In the modern context, the levels of fear and anxiety experienced, as well as the nature of the triggers, are often inappropriate.  One can take the example of the fear of loss of face when getting anxious around srangers, in absence of any long term social consequences in most cases.

Guilt as I conceive it is simply an opportunity cost, with respect to actions taken or forgone.  It is felt when a loss to oneself, or to others that are perceived to enhance adaptive fitness is realized.  Regret is very much related.

Shame occurs in proportion to a social loss of face.  It sends the social signal that the disapproval of one's actions matters to the offending person.  It can also signal an understanding of the nature of the offense.  Shame is very much like embarrassment, but the latter does not involve a perceived loss of face, at least intitially.  It is pre-consequential evaluation.

Quickly, disgust is a response stimuli(anything that our sensse can detect) associated with either harmful germs and/or toxic substances.  The gag reflex is one of the allied reflexes that serves the purpose of ejecting harmful material in the process of consumption.  Associated differentiated facial expressions send social warning signals on the points above.  Naturally, disgust motivates the avoidance of noxious material.

Now, as a general note, as alluded to in the paragraphs on laughter, emotions can compete for simultaneous expression.  The screaming demons model very much applies here, which is general feature of competing behaviors, including thoughts.  This means that essentially, two or more emotions can be triggered at more or less the same time, with the experience and expression there of a difference between that of the greatest magnitude and that of the next greatest.  Competing emotional responses can decay at differential rates, largely depending on the frequency of repeated , but varying triggers as a result of continued evaluation and influx of new information. 

Hence, there can be net laughter, or net anger.  It is commonly observed that laughter can often follow anger.
This can happen when the associated loss fades, perhaps due to compensatory gains.  In that case, the importance of the mere novelty of the outcome becomes dominant, leading to net laughter.
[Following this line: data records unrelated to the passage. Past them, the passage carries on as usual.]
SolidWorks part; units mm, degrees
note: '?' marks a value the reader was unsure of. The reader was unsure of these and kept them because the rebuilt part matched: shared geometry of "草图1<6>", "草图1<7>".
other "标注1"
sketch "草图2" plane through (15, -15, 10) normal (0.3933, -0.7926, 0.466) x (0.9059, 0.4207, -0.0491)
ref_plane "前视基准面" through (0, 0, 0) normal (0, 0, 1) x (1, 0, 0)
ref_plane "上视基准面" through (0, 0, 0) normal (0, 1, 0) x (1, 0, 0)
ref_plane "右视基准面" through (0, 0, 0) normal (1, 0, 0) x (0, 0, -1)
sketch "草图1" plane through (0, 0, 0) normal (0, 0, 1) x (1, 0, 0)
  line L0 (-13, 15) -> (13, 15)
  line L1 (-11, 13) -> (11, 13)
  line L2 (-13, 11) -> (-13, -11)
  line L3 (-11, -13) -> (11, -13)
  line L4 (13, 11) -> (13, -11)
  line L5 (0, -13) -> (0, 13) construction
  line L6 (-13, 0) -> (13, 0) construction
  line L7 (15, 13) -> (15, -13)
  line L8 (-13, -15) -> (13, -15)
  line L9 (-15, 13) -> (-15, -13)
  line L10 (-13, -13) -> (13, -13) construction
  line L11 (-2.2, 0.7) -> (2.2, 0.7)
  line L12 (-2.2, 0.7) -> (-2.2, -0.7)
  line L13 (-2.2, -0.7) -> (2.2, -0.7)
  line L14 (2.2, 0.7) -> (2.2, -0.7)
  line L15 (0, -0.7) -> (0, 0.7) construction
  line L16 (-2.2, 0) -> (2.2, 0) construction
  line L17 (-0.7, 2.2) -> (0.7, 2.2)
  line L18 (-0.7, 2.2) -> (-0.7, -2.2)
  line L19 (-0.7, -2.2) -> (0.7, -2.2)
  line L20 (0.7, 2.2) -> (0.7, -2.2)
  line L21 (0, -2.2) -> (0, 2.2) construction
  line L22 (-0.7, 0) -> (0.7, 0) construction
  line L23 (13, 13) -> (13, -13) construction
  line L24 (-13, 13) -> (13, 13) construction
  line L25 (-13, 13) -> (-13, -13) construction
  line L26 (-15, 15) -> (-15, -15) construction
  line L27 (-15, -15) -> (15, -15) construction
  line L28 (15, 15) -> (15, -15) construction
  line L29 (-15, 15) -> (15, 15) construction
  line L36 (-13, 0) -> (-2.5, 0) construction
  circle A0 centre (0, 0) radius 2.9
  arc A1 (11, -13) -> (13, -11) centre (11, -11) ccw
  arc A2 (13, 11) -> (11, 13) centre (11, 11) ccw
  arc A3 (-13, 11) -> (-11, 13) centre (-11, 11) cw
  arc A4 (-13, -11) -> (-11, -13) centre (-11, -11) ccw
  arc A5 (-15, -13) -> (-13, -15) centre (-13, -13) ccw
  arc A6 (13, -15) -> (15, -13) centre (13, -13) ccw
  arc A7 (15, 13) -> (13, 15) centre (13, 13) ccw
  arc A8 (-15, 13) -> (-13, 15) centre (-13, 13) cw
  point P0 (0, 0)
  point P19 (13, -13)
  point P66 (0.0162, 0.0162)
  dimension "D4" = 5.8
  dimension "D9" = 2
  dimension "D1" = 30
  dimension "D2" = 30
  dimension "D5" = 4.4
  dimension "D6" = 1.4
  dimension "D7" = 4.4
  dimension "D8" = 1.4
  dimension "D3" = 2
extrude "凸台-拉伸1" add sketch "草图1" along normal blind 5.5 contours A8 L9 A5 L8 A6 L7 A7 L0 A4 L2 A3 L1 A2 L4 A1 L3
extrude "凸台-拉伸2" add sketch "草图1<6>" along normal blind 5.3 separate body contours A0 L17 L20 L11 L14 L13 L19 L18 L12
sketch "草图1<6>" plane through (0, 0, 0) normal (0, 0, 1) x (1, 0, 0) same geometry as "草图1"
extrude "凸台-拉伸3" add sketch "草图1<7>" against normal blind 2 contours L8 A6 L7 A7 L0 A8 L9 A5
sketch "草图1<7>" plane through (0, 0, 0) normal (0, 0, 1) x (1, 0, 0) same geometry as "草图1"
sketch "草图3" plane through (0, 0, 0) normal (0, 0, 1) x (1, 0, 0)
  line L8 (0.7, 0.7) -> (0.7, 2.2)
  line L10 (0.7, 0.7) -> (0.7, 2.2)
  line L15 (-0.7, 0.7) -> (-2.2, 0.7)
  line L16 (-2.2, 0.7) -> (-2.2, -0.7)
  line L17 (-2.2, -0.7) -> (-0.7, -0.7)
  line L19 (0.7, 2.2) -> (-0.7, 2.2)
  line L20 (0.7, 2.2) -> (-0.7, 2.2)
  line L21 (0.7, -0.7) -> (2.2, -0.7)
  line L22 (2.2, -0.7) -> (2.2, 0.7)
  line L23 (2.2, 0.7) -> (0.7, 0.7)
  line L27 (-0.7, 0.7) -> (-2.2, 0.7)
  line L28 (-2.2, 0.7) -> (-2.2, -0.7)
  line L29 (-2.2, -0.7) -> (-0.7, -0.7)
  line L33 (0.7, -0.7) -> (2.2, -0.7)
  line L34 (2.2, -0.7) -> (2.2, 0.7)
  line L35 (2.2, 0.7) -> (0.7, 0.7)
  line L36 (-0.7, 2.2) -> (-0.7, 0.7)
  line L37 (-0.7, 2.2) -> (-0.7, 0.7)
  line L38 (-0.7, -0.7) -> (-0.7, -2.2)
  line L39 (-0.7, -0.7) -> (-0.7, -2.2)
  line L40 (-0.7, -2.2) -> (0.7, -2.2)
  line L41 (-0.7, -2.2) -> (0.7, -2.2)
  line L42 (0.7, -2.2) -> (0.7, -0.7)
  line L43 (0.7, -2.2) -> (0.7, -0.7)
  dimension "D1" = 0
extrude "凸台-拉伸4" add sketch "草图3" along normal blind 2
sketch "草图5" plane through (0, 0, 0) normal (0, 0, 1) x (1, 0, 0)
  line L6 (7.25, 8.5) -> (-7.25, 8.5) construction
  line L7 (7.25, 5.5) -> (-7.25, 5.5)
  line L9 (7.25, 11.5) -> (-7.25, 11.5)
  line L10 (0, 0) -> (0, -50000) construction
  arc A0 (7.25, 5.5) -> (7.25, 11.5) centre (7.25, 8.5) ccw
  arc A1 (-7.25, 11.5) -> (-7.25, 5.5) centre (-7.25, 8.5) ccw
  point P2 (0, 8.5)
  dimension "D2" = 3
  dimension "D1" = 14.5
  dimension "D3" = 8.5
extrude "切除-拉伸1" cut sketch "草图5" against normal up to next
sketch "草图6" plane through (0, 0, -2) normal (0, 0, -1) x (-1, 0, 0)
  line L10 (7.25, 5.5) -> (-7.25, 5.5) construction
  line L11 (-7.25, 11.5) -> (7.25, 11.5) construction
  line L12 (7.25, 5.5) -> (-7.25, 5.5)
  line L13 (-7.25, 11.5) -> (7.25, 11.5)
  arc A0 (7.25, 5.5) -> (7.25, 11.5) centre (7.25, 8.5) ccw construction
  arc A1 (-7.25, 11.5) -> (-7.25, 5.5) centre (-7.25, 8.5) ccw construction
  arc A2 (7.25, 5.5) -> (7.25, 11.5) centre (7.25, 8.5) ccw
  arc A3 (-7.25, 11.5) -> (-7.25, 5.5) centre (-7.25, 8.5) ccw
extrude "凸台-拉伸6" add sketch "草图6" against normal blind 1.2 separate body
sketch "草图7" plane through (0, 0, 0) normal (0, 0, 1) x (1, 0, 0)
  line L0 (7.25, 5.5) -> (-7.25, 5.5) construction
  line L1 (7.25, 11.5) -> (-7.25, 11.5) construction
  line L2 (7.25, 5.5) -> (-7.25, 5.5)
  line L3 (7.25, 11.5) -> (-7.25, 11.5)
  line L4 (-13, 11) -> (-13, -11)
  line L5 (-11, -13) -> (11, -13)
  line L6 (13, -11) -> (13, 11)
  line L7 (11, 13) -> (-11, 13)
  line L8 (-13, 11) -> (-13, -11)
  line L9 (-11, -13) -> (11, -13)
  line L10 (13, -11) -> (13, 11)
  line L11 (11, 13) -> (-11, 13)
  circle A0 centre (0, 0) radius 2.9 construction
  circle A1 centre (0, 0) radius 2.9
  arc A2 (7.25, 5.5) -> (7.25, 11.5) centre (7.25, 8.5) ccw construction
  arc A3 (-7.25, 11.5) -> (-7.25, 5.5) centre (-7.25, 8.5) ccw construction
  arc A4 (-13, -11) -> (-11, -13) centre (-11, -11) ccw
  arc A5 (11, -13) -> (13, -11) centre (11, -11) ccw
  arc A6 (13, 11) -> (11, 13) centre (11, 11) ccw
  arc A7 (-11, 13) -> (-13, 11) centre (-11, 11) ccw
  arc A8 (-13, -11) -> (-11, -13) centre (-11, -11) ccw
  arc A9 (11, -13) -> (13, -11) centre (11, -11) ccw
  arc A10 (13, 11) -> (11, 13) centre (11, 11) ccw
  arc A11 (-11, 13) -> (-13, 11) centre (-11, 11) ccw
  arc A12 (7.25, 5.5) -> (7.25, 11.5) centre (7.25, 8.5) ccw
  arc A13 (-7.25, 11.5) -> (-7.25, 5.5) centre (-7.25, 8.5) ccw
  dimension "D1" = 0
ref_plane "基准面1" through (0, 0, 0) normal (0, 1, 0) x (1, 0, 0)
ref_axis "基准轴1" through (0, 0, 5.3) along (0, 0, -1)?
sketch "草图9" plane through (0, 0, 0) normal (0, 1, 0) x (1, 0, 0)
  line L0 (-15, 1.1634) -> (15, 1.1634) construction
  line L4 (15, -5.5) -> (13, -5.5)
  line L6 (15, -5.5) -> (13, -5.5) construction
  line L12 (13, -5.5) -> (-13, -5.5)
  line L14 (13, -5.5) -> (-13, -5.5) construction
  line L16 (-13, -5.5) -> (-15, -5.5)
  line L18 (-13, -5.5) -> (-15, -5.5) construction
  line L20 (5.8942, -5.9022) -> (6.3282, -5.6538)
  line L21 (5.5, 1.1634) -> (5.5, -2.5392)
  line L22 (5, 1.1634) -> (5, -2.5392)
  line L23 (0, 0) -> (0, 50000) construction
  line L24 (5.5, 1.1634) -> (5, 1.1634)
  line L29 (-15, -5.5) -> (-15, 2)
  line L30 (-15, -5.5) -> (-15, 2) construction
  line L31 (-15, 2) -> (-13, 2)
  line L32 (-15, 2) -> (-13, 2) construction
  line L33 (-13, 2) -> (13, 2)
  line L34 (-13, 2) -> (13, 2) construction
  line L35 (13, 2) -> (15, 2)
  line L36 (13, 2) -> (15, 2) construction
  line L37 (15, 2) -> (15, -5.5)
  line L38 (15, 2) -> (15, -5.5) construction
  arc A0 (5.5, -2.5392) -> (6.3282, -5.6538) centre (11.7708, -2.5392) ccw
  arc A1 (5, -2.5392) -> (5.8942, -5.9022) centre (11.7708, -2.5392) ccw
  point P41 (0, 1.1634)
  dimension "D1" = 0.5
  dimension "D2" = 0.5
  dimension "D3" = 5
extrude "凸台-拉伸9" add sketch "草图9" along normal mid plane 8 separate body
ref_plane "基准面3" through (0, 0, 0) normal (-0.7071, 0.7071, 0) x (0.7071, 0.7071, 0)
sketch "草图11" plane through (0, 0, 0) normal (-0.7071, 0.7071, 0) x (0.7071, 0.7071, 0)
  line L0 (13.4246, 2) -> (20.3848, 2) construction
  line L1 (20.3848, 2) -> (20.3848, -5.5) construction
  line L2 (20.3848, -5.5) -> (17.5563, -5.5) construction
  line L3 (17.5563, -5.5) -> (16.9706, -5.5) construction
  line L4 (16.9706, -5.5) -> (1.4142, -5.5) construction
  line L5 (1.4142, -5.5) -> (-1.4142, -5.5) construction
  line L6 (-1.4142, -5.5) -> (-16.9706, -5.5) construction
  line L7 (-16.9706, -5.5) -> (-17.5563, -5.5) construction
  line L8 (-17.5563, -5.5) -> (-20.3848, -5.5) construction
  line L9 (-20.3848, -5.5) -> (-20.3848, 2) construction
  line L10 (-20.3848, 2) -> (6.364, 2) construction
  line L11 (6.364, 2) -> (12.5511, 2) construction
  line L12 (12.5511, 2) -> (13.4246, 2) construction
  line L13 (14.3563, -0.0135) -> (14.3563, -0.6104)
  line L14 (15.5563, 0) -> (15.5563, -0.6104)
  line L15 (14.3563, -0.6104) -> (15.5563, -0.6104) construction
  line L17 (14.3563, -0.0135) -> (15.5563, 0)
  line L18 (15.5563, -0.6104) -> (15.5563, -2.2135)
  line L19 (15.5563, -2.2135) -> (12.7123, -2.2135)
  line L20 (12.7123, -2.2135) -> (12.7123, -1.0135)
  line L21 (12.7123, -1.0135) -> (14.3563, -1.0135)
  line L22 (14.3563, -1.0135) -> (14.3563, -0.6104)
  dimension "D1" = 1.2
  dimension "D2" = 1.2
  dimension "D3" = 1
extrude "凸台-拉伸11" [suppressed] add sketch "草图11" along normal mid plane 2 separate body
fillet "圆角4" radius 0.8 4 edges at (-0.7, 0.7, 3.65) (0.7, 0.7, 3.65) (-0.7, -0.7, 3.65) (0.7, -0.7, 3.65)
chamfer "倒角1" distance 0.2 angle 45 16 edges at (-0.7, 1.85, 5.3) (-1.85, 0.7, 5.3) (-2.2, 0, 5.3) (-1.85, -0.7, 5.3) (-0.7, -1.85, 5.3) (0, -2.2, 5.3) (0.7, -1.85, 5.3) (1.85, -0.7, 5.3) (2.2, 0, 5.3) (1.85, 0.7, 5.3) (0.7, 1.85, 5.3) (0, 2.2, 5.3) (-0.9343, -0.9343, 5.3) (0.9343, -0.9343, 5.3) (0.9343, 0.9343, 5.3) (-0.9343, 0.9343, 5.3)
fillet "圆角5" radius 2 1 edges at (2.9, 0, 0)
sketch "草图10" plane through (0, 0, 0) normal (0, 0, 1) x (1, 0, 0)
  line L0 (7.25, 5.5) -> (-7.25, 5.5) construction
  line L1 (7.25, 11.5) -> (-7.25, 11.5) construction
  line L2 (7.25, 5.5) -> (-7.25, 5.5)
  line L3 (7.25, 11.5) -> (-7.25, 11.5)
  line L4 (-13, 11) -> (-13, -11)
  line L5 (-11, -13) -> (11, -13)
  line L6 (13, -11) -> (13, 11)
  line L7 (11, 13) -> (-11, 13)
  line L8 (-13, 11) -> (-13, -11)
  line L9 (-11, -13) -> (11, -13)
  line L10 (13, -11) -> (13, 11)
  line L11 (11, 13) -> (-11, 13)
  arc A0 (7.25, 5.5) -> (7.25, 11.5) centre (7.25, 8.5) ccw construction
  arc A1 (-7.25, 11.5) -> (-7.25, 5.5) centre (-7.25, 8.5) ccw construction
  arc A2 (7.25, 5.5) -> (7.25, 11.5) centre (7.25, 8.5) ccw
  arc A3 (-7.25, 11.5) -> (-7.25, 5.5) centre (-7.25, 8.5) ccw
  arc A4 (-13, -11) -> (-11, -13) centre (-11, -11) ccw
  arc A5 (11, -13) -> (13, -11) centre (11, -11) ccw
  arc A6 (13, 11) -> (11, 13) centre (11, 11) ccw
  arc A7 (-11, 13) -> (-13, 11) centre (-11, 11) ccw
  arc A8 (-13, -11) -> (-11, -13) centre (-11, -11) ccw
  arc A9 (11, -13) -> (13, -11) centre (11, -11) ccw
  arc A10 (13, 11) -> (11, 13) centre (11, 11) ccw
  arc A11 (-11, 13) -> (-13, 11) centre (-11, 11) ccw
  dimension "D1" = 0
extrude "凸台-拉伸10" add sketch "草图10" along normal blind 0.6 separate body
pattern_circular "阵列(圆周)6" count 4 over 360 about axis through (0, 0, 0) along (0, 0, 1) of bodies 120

Likewise, anxiety can be increasingly replaced with fear as an unexpected loss is perceived as increasingly unavoidable.  Joy can become anger, as when what one thinks is a good deal on a car intially, later is found to be relatively expensive. 

I should also mention satiation, which seems to have its own emotional experience and expressions attached, though I wouldn't personally refer to it as an emotion.  When satiated, regardless of prior expectations, there tends to be a shift toward lower physiological arousal, as evidenced in a sigh, which presumably brings breathing to a slower rhythm.

As reasoned in my posts on mood linked to in the second paragraph above, mood modulates the magnitude of emotional responses.  Lower moods augment negative emotion, and the reverse is true for positive ones.

I hope this post isn't too long, disorganized, or jargon-filled to be enjoyable.  I will perhaps offer a simpler post on this subject in the very near future.  I will also add more references to this post when time allows.


Update:  I've added some references in links above for laughter, as well as the following citation:

1. Nerhardt, G. Humor and inclinations of humor: Emotional reactions to stimuli ofdifferent divergence from a range of expectancy. Scandinavian Journal ofPsychology. 1970, 11, 185-195.